▸ Material for this exercise
__________________________________________________

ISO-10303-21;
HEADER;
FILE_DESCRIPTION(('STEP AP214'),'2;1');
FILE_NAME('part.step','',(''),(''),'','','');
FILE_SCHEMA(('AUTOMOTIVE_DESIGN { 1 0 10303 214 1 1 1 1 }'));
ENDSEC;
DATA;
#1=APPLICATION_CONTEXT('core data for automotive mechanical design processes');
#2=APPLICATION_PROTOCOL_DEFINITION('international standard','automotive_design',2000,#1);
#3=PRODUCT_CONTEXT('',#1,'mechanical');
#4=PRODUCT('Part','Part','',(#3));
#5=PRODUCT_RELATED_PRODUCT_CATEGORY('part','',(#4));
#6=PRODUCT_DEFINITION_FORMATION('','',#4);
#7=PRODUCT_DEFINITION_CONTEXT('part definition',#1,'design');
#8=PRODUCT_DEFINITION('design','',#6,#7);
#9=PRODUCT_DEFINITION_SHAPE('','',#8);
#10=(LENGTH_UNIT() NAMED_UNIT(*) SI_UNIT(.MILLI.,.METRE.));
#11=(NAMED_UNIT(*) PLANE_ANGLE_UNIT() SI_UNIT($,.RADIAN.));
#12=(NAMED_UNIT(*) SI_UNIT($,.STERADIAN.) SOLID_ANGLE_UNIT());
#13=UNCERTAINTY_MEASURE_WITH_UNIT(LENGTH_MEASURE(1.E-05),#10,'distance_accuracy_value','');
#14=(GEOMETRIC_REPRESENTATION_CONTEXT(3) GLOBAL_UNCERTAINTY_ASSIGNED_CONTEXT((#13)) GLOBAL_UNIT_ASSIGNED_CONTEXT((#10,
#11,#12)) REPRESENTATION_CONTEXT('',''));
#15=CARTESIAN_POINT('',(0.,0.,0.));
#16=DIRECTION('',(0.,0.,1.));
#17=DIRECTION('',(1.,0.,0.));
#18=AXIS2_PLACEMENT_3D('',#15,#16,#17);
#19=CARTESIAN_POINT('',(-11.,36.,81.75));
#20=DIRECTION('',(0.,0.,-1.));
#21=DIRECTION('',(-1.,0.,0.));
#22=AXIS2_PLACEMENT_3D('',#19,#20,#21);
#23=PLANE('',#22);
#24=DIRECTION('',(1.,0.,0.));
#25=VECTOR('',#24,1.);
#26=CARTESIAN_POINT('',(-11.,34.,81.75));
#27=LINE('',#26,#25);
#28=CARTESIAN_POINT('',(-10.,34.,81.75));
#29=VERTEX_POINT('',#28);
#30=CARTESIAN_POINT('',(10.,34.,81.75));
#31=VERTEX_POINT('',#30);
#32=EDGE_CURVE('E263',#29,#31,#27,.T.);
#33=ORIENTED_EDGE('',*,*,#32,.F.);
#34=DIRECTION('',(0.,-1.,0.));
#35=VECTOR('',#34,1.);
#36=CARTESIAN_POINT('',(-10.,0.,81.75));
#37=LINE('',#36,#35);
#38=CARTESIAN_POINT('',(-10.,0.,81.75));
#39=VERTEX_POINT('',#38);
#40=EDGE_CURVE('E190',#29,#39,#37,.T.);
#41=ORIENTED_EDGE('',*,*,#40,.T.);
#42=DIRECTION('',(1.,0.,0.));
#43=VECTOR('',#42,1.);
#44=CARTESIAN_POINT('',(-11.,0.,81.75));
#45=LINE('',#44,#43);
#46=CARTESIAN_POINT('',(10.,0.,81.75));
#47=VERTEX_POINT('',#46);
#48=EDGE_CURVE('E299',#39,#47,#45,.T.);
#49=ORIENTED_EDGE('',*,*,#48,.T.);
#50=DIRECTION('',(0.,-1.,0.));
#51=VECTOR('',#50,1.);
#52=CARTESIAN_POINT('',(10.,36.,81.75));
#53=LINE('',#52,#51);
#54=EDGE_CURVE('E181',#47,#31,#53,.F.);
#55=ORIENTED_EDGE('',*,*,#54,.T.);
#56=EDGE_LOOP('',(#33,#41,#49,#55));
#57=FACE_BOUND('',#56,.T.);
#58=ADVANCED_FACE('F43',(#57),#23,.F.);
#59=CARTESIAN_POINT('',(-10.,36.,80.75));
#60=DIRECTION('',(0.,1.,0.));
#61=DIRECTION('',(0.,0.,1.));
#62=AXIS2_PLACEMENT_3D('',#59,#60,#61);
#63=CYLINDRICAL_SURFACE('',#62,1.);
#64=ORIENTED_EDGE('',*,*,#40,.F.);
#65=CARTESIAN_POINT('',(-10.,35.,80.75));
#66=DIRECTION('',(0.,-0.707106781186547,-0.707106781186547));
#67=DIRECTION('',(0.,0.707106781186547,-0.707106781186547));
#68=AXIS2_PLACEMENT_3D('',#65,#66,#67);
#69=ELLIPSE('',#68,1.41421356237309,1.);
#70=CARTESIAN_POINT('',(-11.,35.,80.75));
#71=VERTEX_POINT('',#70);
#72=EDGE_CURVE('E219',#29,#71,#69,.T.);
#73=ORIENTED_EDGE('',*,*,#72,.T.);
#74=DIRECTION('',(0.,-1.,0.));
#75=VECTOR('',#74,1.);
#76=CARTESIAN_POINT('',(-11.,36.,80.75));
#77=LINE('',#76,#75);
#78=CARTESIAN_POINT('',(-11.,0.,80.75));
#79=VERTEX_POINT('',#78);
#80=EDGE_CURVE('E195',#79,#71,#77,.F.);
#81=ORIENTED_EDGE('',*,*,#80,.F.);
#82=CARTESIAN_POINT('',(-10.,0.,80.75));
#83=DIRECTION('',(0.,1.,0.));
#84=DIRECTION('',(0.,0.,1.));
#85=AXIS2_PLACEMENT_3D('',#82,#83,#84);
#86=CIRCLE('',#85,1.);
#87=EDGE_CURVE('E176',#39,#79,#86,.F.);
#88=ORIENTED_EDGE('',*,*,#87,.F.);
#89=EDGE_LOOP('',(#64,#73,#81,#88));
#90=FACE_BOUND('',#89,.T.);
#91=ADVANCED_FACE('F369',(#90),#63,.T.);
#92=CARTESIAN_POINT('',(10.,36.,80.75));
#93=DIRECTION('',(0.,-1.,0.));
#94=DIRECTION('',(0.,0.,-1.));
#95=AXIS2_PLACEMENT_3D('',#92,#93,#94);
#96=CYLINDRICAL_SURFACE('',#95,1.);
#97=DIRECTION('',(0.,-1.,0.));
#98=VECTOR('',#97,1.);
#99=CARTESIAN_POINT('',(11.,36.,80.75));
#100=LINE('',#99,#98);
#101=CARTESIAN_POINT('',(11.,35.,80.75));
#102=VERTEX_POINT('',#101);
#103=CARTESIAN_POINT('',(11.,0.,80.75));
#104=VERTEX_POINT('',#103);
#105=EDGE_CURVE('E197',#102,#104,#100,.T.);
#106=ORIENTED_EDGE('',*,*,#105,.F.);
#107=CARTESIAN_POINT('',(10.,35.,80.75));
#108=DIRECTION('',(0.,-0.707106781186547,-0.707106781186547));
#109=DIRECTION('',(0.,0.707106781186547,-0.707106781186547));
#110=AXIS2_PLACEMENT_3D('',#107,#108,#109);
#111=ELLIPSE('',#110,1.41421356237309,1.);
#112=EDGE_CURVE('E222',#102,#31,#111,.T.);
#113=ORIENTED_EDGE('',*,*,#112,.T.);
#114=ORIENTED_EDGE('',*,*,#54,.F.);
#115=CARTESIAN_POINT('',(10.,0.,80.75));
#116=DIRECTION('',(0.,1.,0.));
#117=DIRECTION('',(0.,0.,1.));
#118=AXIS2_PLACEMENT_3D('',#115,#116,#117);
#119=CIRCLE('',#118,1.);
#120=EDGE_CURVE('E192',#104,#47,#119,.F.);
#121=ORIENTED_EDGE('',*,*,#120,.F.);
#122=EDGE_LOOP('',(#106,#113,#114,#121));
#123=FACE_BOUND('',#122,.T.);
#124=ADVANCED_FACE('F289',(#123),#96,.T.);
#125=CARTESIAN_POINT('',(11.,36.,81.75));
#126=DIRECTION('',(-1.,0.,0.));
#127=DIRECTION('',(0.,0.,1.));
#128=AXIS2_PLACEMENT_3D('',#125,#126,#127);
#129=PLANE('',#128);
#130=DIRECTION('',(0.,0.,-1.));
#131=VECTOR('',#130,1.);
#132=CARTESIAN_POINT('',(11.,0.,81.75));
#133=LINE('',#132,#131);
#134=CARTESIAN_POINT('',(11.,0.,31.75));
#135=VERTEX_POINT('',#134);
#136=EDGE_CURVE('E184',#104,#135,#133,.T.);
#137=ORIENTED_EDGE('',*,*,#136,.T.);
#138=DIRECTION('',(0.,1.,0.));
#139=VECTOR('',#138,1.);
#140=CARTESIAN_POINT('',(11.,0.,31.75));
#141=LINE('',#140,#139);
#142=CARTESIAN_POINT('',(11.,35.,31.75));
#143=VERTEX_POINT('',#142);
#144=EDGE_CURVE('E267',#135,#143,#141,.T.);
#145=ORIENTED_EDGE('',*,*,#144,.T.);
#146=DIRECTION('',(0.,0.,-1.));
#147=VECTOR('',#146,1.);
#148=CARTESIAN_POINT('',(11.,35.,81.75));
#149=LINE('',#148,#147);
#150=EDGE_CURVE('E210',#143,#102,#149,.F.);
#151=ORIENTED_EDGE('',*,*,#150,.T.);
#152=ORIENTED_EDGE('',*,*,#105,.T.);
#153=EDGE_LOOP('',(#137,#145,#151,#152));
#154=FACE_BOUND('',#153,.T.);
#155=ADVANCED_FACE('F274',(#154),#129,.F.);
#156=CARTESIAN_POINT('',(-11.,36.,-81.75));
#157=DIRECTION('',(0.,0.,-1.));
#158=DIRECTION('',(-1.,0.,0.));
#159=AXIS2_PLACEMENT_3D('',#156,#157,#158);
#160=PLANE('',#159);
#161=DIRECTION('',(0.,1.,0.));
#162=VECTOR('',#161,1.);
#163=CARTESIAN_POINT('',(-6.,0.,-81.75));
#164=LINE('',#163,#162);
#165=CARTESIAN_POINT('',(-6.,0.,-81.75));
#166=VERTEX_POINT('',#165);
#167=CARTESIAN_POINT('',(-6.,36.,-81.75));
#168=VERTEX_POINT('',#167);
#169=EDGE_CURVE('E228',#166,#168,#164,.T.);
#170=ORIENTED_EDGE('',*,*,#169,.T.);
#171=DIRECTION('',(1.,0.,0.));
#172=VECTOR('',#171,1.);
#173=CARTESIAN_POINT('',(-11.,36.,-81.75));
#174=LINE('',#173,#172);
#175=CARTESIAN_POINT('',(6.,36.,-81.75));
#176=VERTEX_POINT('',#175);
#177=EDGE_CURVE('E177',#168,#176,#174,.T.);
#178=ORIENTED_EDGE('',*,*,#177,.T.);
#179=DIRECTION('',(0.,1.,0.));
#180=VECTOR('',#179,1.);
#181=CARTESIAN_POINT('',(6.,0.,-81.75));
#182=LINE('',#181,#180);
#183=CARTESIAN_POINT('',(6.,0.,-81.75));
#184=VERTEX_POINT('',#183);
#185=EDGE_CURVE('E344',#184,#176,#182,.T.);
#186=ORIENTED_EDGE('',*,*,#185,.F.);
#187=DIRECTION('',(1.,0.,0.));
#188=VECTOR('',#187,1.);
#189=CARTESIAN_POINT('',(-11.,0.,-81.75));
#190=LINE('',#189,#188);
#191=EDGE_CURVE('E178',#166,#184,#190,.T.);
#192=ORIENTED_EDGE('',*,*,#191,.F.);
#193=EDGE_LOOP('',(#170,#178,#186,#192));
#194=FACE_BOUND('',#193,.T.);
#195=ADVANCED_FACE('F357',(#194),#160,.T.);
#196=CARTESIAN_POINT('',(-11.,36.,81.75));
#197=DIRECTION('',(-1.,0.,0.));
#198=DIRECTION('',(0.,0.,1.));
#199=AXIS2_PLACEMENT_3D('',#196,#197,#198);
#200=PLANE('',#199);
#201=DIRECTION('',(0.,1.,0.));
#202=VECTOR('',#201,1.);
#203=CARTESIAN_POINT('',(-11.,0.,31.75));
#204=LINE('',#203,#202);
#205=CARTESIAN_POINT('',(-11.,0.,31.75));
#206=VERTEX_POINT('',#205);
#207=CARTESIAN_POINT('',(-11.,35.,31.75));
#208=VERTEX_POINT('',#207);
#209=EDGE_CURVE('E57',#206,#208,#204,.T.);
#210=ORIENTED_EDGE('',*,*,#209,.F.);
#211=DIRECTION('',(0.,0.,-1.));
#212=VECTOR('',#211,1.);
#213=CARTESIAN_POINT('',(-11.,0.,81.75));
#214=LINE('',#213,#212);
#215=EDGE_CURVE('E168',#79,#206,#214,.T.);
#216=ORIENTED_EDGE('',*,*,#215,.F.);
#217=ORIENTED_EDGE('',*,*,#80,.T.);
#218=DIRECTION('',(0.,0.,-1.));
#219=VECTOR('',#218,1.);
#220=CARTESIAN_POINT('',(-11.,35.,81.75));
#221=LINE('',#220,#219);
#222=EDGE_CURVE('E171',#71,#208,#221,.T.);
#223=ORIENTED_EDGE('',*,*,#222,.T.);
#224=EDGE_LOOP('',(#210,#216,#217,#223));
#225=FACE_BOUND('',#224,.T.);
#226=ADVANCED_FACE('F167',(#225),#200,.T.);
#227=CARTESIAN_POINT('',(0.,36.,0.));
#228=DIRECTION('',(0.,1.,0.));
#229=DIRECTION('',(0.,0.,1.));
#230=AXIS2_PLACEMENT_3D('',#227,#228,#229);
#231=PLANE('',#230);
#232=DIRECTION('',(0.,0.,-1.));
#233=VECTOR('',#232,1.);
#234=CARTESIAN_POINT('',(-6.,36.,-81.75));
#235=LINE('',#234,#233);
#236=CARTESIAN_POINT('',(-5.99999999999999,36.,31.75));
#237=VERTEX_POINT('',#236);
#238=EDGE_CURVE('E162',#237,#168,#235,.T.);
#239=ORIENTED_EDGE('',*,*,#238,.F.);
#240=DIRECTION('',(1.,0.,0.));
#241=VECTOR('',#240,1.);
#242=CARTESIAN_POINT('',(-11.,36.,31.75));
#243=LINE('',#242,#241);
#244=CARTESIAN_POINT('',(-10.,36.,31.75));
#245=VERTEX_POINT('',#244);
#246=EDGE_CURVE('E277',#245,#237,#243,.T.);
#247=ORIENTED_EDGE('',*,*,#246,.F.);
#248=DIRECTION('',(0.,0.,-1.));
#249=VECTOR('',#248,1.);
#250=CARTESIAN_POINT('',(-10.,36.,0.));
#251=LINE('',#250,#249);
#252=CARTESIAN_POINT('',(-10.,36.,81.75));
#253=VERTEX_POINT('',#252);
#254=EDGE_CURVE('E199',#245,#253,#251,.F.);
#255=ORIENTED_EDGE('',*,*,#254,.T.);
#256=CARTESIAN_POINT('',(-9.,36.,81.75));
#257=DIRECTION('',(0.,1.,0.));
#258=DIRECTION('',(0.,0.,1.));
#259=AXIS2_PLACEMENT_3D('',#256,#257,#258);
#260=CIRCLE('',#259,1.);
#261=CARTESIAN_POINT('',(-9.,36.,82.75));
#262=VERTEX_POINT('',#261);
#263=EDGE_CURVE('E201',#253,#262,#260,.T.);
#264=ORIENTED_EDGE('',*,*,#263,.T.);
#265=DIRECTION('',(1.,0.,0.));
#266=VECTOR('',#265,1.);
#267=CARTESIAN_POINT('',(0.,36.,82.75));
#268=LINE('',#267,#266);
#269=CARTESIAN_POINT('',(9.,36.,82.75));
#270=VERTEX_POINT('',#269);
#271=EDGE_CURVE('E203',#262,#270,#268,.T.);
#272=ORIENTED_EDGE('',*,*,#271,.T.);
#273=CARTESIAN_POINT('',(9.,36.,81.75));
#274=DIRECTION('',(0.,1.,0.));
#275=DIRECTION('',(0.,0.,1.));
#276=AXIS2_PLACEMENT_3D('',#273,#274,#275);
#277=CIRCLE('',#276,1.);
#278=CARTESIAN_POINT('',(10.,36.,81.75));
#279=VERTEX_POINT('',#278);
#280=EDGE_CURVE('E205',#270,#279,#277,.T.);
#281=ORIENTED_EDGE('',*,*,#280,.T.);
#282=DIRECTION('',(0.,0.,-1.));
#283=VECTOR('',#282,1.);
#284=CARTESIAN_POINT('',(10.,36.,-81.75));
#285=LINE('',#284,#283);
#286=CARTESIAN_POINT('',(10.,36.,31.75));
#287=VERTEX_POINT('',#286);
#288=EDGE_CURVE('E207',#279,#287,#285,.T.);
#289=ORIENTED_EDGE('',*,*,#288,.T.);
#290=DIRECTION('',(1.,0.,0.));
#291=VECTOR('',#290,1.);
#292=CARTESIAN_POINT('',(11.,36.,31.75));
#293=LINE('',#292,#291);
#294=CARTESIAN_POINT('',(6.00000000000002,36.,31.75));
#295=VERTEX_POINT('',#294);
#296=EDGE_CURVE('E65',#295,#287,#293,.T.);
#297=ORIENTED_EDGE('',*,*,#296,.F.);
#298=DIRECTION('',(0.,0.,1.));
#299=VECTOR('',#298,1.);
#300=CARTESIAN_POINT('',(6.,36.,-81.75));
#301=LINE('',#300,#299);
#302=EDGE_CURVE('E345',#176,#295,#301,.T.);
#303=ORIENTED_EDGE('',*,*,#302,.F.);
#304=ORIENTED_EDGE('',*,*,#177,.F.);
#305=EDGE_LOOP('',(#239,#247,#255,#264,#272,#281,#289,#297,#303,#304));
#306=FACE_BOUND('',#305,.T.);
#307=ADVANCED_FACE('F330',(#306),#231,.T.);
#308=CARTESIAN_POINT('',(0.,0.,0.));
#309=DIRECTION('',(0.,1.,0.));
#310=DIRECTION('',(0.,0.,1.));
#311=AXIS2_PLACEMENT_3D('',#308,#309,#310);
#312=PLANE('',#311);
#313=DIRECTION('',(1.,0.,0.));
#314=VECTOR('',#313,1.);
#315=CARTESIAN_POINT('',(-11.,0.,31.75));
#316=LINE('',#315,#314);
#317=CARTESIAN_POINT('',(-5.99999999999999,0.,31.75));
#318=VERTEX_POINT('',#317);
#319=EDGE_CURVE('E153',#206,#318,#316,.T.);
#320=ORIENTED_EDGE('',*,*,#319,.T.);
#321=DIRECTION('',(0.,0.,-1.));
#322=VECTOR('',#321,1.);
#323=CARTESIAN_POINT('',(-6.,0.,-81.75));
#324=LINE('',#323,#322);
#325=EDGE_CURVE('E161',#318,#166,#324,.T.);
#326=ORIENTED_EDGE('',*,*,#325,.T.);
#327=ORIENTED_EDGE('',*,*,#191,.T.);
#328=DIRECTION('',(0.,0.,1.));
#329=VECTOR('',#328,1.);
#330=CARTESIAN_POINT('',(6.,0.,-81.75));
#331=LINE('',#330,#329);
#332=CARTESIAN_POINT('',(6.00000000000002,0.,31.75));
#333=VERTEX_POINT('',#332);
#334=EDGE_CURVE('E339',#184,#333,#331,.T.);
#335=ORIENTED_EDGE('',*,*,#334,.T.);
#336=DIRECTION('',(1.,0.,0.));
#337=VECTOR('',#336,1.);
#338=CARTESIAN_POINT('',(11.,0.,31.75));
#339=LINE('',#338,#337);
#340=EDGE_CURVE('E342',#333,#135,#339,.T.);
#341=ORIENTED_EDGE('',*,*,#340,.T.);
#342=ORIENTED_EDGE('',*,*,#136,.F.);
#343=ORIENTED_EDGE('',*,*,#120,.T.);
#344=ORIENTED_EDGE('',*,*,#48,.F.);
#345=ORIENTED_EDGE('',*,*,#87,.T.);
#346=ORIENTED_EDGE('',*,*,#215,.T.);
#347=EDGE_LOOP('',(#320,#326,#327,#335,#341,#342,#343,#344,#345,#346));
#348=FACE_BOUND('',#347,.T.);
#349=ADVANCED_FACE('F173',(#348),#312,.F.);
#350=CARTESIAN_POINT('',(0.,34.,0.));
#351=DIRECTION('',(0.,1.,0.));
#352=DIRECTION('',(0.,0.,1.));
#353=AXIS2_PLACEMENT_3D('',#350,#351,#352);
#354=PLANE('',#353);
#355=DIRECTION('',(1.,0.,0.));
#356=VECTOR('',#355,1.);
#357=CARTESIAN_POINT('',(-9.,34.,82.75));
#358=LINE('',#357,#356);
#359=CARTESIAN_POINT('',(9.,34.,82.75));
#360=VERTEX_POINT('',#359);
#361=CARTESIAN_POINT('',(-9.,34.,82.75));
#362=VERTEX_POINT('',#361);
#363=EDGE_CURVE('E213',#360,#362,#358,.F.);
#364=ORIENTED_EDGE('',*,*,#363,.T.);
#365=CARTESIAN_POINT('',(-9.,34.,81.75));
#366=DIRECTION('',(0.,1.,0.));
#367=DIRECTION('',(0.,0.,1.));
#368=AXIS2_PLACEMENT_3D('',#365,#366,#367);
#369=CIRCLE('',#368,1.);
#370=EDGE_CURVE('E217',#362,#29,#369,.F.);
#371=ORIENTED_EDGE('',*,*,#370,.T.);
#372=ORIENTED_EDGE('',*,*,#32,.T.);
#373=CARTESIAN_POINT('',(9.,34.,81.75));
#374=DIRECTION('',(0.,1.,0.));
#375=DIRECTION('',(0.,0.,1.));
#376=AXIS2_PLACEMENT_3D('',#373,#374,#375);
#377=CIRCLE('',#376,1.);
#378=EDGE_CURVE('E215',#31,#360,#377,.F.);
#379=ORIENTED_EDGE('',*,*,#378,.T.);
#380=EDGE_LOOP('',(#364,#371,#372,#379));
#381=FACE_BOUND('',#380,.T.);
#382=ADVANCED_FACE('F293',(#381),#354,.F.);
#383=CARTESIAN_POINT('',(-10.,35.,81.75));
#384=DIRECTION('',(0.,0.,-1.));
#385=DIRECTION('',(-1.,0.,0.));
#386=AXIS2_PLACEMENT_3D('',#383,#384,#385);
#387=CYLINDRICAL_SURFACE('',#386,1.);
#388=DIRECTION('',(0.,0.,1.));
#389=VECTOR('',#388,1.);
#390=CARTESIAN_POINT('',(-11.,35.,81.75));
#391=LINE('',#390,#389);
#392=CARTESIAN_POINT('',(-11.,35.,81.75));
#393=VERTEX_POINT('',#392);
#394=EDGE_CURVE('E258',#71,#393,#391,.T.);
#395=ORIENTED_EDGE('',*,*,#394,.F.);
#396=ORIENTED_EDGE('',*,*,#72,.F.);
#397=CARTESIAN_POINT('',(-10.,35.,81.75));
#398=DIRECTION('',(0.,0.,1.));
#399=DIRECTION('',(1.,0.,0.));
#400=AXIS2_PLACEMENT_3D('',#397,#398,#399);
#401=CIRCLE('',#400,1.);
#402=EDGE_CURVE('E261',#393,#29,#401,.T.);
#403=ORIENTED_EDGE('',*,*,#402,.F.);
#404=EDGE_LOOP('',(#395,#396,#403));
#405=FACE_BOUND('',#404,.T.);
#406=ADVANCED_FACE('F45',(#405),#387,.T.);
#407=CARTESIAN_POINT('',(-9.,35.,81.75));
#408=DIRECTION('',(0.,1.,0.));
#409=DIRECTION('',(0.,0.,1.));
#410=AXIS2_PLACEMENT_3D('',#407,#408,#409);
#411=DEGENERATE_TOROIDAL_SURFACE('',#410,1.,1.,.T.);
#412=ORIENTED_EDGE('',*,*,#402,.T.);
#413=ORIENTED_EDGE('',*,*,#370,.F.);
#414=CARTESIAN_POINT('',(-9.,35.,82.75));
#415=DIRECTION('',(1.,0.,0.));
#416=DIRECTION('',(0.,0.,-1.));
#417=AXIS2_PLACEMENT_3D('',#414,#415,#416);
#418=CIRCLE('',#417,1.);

__________________________________________________

▸ Your instructions
Of the entries above, repeat exactly the lines from the line with "#281=ORIENTED_EDGE('',*,*,#280,.T.);" through the line with "#315=CARTESIAN_POINT('',(-11.,0.,31.75));", both of them included.

▸ Expected answer
#281=ORIENTED_EDGE('',*,*,#280,.T.);
#282=DIRECTION('',(0.,0.,-1.));
#283=VECTOR('',#282,1.);
#284=CARTESIAN_POINT('',(10.,36.,-81.75));
#285=LINE('',#284,#283);
#286=CARTESIAN_POINT('',(10.,36.,31.75));
#287=VERTEX_POINT('',#286);
#288=EDGE_CURVE('E207',#279,#287,#285,.T.);
#289=ORIENTED_EDGE('',*,*,#288,.T.);
#290=DIRECTION('',(1.,0.,0.));
#291=VECTOR('',#290,1.);
#292=CARTESIAN_POINT('',(11.,36.,31.75));
#293=LINE('',#292,#291);
#294=CARTESIAN_POINT('',(6.00000000000002,36.,31.75));
#295=VERTEX_POINT('',#294);
#296=EDGE_CURVE('E65',#295,#287,#293,.T.);
#297=ORIENTED_EDGE('',*,*,#296,.F.);
#298=DIRECTION('',(0.,0.,1.));
#299=VECTOR('',#298,1.);
#300=CARTESIAN_POINT('',(6.,36.,-81.75));
#301=LINE('',#300,#299);
#302=EDGE_CURVE('E345',#176,#295,#301,.T.);
#303=ORIENTED_EDGE('',*,*,#302,.F.);
#304=ORIENTED_EDGE('',*,*,#177,.F.);
#305=EDGE_LOOP('',(#239,#247,#255,#264,#272,#281,#289,#297,#303,#304));
#306=FACE_BOUND('',#305,.T.);
#307=ADVANCED_FACE('F330',(#306),#231,.T.);
#308=CARTESIAN_POINT('',(0.,0.,0.));
#309=DIRECTION('',(0.,1.,0.));
#310=DIRECTION('',(0.,0.,1.));
#311=AXIS2_PLACEMENT_3D('',#308,#309,#310);
#312=PLANE('',#311);
#313=DIRECTION('',(1.,0.,0.));
#314=VECTOR('',#313,1.);
#315=CARTESIAN_POINT('',(-11.,0.,31.75));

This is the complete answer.